Este ilustre patriota conoció en vida la admiración sincera de mucha gente sencilla y fue víctima de la envidia y los agravios de muchos otros. Respetado por sus enemigos en el campo de batalla y admirado por los hombres que tuvo a su mando, dispuestos a sacrificar lo más preciado por su general y la noble causa que este encarnaba.
José de San Martín continuó junto a sus hermanos la estela de su padre y de muy joven siguió la carrera militar al servicio de la patria de sus mayores, España, y le tributó grandes servicios defendiendo con ardor su integridad y su prestigio frente a los muchos enemigos que la amenazaban.
En 1812, habiéndose batido con éxito en varias ocasiones contra uno de los mejores ejércitos del mundo, la "Grandee Armee" de Napoleón, tomó una decisión crucial en su vida y que marcaría el destino de tres naciones: decidió abandonar su promisoria carrera militar en el ejercito real y, sintiendo el llamado de su tierra natal, en la que había vivido tan solo seis años en su niñez, decidió cruzar el enorme océano para iniciar un nueva vida al servicio de esa patria que, por entonces, y a los tumbos, iniciaba su vida independiente.
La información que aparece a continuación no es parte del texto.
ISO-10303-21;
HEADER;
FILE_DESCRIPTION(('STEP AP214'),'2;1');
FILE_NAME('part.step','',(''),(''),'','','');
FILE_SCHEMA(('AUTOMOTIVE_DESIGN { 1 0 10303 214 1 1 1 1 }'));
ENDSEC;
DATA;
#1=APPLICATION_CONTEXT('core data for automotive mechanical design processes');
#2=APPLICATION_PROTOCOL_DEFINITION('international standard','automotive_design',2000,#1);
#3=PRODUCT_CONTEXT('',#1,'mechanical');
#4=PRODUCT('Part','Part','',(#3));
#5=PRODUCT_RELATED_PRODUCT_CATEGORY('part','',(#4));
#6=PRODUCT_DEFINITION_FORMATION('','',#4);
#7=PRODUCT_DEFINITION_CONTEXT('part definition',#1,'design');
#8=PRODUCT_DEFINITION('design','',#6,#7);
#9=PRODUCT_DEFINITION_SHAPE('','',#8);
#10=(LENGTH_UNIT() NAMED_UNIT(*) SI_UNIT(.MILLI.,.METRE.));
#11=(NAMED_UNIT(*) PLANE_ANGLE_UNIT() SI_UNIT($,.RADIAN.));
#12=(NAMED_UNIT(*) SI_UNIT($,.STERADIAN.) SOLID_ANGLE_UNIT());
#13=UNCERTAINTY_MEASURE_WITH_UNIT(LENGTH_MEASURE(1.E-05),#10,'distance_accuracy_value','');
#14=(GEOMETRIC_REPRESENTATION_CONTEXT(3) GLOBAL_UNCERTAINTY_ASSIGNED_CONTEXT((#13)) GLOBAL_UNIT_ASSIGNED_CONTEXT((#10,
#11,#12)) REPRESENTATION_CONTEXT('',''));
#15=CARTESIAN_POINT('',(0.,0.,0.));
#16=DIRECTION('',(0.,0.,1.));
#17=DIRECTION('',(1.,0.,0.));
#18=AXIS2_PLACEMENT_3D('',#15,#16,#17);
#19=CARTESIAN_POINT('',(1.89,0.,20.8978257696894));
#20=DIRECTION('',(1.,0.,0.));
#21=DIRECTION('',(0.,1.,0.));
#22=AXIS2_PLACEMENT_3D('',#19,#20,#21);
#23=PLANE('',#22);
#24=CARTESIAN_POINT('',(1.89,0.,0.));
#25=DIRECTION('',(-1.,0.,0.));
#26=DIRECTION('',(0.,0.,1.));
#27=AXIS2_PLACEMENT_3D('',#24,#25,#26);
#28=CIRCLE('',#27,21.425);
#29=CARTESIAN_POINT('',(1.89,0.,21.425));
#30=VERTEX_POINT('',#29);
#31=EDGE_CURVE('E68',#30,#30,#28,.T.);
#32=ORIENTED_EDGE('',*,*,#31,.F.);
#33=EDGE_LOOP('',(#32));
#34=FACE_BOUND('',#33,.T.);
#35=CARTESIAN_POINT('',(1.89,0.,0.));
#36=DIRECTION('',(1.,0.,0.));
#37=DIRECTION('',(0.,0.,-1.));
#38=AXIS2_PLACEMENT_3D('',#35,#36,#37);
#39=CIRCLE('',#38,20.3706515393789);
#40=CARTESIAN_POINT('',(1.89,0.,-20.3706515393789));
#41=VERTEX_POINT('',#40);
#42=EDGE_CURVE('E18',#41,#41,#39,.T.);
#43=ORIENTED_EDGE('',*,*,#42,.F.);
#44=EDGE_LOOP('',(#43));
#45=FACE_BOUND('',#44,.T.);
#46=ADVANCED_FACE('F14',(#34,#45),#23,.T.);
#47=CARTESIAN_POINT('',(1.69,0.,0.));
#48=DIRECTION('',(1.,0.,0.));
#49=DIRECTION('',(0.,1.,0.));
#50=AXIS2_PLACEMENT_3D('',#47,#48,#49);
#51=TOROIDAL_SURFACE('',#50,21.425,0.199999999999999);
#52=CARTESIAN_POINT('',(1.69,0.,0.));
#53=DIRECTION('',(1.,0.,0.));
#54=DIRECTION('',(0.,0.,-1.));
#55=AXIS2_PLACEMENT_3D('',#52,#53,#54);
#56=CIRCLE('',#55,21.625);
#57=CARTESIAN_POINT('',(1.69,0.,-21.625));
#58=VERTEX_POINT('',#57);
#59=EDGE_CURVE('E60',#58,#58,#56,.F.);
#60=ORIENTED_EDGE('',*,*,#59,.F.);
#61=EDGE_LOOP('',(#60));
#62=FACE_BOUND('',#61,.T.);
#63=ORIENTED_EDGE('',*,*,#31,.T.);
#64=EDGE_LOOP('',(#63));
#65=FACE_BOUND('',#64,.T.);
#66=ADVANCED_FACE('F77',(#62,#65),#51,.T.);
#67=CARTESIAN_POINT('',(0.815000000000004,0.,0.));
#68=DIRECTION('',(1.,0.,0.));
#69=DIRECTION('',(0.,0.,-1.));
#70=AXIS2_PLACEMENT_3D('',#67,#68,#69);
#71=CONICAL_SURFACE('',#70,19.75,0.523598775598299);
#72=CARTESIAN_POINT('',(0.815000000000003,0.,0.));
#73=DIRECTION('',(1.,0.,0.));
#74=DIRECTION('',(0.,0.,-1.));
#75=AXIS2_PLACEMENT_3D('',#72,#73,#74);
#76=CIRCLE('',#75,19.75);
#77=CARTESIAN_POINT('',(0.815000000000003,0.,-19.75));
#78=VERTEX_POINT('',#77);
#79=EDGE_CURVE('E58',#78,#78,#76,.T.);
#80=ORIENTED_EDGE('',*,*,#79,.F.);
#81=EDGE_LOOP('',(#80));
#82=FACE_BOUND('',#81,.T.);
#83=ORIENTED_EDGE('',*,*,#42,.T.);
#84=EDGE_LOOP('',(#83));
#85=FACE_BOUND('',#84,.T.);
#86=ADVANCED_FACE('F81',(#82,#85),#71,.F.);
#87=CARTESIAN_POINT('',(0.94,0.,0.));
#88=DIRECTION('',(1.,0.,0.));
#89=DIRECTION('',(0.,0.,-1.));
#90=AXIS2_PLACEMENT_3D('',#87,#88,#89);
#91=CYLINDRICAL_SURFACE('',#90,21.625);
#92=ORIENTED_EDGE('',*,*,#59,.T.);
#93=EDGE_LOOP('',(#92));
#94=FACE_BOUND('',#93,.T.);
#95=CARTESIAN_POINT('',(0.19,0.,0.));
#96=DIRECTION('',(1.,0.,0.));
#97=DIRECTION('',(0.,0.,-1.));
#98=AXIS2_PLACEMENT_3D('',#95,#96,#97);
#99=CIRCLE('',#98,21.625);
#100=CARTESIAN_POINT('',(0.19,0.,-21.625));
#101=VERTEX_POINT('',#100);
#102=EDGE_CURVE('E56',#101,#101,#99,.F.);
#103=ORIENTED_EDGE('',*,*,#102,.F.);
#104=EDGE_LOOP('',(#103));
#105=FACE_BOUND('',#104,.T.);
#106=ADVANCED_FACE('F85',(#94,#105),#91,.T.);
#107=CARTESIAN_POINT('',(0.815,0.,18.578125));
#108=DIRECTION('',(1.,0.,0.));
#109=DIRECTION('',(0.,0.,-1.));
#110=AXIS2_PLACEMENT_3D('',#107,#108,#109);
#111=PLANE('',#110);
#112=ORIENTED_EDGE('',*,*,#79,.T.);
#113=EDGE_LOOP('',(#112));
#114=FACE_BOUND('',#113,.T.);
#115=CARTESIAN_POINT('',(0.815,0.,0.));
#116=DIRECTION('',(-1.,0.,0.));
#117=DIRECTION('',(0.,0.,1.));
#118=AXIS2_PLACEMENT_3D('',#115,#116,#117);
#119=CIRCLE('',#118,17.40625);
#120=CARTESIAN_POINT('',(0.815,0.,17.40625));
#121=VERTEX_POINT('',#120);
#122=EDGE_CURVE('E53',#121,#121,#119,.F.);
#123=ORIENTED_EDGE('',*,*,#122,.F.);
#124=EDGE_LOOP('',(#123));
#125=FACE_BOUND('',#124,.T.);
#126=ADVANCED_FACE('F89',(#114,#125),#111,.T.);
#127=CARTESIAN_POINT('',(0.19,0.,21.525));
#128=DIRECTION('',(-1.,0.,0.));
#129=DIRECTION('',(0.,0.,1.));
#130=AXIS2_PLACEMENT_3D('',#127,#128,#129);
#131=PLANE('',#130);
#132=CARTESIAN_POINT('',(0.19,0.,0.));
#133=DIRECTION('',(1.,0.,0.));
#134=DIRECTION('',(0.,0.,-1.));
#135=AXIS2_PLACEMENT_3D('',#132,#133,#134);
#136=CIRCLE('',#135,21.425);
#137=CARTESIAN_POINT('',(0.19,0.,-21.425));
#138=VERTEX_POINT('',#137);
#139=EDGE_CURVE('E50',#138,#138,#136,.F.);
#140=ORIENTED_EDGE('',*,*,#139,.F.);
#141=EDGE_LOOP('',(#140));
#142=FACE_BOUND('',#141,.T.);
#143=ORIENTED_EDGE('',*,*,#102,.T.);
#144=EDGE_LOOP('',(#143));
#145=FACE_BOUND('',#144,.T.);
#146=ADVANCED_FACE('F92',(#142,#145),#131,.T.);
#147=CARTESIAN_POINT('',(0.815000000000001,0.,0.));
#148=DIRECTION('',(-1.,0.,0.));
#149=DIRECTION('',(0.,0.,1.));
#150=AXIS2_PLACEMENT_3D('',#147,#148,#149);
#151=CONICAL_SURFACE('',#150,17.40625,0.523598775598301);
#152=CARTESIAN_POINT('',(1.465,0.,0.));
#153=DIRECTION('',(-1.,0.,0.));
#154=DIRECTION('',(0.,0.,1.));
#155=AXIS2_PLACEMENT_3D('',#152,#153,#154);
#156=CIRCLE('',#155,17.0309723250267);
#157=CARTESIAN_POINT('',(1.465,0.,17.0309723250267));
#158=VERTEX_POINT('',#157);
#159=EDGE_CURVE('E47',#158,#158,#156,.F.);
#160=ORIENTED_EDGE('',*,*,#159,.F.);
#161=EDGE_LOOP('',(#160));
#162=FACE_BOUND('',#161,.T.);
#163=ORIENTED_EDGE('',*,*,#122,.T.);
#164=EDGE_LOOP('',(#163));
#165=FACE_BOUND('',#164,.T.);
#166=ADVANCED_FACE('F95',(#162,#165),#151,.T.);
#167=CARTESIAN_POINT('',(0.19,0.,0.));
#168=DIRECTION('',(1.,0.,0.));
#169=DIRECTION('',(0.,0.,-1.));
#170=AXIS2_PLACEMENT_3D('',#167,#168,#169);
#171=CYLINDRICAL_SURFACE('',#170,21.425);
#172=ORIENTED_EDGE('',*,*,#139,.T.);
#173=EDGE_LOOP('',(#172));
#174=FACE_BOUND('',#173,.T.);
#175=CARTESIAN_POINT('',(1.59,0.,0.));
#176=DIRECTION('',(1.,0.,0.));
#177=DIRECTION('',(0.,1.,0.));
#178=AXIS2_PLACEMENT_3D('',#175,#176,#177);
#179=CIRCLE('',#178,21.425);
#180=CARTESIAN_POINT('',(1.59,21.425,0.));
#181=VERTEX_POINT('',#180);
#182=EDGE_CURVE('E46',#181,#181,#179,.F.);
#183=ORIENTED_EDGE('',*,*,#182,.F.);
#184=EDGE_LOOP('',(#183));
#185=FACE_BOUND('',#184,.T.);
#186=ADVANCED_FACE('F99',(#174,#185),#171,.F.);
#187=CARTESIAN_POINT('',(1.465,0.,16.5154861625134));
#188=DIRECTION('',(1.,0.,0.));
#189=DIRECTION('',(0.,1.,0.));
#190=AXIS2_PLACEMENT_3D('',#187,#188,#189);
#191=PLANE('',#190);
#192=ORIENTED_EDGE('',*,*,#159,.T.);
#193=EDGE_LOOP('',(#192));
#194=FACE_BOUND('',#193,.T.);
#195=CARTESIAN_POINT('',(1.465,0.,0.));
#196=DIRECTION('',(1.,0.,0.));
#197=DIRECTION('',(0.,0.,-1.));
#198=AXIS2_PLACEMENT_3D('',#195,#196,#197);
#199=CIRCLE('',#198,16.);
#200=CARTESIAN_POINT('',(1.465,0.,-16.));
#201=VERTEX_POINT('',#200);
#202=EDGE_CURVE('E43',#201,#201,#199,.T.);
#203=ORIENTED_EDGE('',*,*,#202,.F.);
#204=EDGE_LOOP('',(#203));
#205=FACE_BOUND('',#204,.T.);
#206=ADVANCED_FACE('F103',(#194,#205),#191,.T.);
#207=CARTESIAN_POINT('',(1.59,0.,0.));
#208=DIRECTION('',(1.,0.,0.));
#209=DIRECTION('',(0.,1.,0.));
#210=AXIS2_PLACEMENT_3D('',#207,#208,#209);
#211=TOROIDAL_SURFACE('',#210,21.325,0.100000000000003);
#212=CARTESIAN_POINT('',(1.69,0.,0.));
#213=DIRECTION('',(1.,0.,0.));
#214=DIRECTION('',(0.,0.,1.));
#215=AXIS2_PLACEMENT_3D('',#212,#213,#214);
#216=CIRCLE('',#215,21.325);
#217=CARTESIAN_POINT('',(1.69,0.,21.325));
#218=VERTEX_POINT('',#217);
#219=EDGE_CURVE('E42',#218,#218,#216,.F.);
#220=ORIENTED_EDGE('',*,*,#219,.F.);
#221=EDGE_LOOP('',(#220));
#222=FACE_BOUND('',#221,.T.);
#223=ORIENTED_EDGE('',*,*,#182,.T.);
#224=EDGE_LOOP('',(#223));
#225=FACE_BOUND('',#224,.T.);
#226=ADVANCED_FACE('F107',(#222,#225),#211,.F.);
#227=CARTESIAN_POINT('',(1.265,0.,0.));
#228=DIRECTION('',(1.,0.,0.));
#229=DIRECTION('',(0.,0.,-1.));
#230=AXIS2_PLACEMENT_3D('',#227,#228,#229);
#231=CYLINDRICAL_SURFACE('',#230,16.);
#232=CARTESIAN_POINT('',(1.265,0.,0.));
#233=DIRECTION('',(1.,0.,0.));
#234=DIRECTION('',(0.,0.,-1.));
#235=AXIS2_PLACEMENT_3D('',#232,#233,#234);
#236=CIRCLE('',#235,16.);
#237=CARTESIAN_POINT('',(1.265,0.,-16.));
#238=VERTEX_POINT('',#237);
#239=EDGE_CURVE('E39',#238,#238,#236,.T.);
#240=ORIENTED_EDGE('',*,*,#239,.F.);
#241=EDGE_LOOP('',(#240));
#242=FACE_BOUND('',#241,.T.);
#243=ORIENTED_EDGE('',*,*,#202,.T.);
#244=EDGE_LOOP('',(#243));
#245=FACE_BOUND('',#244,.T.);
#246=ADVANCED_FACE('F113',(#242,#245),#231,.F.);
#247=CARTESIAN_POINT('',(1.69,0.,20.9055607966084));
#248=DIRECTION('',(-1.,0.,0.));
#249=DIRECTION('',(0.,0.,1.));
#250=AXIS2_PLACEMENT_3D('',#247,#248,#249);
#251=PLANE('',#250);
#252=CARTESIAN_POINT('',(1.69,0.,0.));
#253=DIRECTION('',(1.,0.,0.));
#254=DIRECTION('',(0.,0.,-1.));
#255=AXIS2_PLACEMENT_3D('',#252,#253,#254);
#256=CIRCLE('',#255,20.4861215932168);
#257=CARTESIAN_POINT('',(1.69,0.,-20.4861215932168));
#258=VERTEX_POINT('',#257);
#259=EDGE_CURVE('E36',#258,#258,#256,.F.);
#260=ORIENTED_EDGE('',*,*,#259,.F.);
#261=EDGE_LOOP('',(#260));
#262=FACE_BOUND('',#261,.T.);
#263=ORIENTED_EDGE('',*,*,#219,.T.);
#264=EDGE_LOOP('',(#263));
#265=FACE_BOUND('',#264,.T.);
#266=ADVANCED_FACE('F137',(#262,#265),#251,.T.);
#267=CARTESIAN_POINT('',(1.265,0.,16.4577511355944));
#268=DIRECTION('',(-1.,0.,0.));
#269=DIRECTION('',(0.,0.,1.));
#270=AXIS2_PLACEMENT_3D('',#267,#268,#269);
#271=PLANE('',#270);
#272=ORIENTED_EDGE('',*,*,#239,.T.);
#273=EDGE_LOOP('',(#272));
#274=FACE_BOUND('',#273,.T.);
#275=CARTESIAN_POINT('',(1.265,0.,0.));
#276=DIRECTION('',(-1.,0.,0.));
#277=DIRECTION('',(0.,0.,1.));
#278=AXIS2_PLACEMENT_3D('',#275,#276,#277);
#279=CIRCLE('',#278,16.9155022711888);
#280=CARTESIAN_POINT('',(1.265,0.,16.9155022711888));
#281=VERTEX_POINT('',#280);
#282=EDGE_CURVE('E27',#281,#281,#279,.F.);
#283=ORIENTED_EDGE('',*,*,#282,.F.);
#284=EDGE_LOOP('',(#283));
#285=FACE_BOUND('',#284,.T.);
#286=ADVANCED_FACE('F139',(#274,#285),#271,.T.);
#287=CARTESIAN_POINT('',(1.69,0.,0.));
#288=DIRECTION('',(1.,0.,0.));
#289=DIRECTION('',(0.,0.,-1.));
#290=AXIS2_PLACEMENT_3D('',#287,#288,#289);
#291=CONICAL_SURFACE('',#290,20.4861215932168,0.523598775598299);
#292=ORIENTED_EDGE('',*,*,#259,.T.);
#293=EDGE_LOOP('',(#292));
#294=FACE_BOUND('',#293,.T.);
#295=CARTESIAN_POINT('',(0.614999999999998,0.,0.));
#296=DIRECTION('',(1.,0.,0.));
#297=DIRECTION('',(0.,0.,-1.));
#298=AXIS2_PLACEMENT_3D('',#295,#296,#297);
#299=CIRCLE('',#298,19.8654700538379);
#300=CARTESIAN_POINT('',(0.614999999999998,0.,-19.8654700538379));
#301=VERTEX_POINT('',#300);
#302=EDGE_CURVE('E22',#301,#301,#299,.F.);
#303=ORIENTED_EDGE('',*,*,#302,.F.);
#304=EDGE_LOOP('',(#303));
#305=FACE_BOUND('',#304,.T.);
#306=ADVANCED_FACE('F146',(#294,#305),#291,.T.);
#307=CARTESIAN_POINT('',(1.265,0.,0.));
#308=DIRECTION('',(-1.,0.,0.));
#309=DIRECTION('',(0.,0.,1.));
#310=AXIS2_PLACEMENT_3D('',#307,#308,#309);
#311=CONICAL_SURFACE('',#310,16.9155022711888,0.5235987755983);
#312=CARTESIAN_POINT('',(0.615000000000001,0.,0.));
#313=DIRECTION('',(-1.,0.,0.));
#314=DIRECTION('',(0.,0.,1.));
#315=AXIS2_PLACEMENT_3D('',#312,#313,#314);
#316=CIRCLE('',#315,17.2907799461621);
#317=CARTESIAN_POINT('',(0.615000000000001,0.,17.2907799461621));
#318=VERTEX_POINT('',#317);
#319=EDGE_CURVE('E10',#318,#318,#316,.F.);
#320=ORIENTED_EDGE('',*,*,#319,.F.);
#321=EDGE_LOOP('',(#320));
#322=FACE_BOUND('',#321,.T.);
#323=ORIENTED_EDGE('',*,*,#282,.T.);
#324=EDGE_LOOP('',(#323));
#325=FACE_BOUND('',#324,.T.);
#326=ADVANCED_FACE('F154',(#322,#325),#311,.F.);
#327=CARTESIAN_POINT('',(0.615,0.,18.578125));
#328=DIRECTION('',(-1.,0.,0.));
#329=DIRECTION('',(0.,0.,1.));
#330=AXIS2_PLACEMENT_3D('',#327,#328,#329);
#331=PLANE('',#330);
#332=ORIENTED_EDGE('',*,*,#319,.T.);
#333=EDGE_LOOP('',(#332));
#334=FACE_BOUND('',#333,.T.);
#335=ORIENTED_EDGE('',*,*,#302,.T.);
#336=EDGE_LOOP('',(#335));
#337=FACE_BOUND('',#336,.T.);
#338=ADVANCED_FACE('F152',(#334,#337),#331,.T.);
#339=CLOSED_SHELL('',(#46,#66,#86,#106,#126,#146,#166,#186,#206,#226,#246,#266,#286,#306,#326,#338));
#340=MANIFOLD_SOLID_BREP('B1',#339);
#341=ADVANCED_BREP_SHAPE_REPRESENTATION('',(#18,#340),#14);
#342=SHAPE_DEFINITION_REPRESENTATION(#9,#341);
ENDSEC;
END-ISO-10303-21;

Era el hombre perfecto para la hora más urgente en nuestra historia.
Así en el transcurso de una década, junto a sus más valientes subordinados, este hombre fue construyendo su leyenda, batiendo a los enemigos externos de su patria y asegurando la libertad de otros dos pueblos hermanos.
Entregó todo, su conocimiento de la ciencia militar y sus dotes de liderazgo por la libertad de las generaciones venideras, libertad que se abonó con la sangre de tantos otros compatriotas.
Precisamente, fue su inmensa humildad, su odio a la anarquía y a las mezquindades políticas que sembraron la muerte y la guerra civil en el continente que él y tantos habían contribuido a liberar del yugo colonial, lo que lo impulsó a abandonar su carrera en la cúspide de su gloria y a refugiarse en su familia, su hija y sus nietas, que alegraron sus últimos días.
Un 17 de agosto de 1850, este gran hombre abandonaba la vida terrenal para entrar definitivamente en la leyenda y volverse un ícono de una nacionalidad argentina que aún hoy luchamos por solidificar. Que la memoria de aquel hombre sirva como estela de humanidad y sacrificio para esta magna labor. ¡Gloria y honor al buen general San Martín!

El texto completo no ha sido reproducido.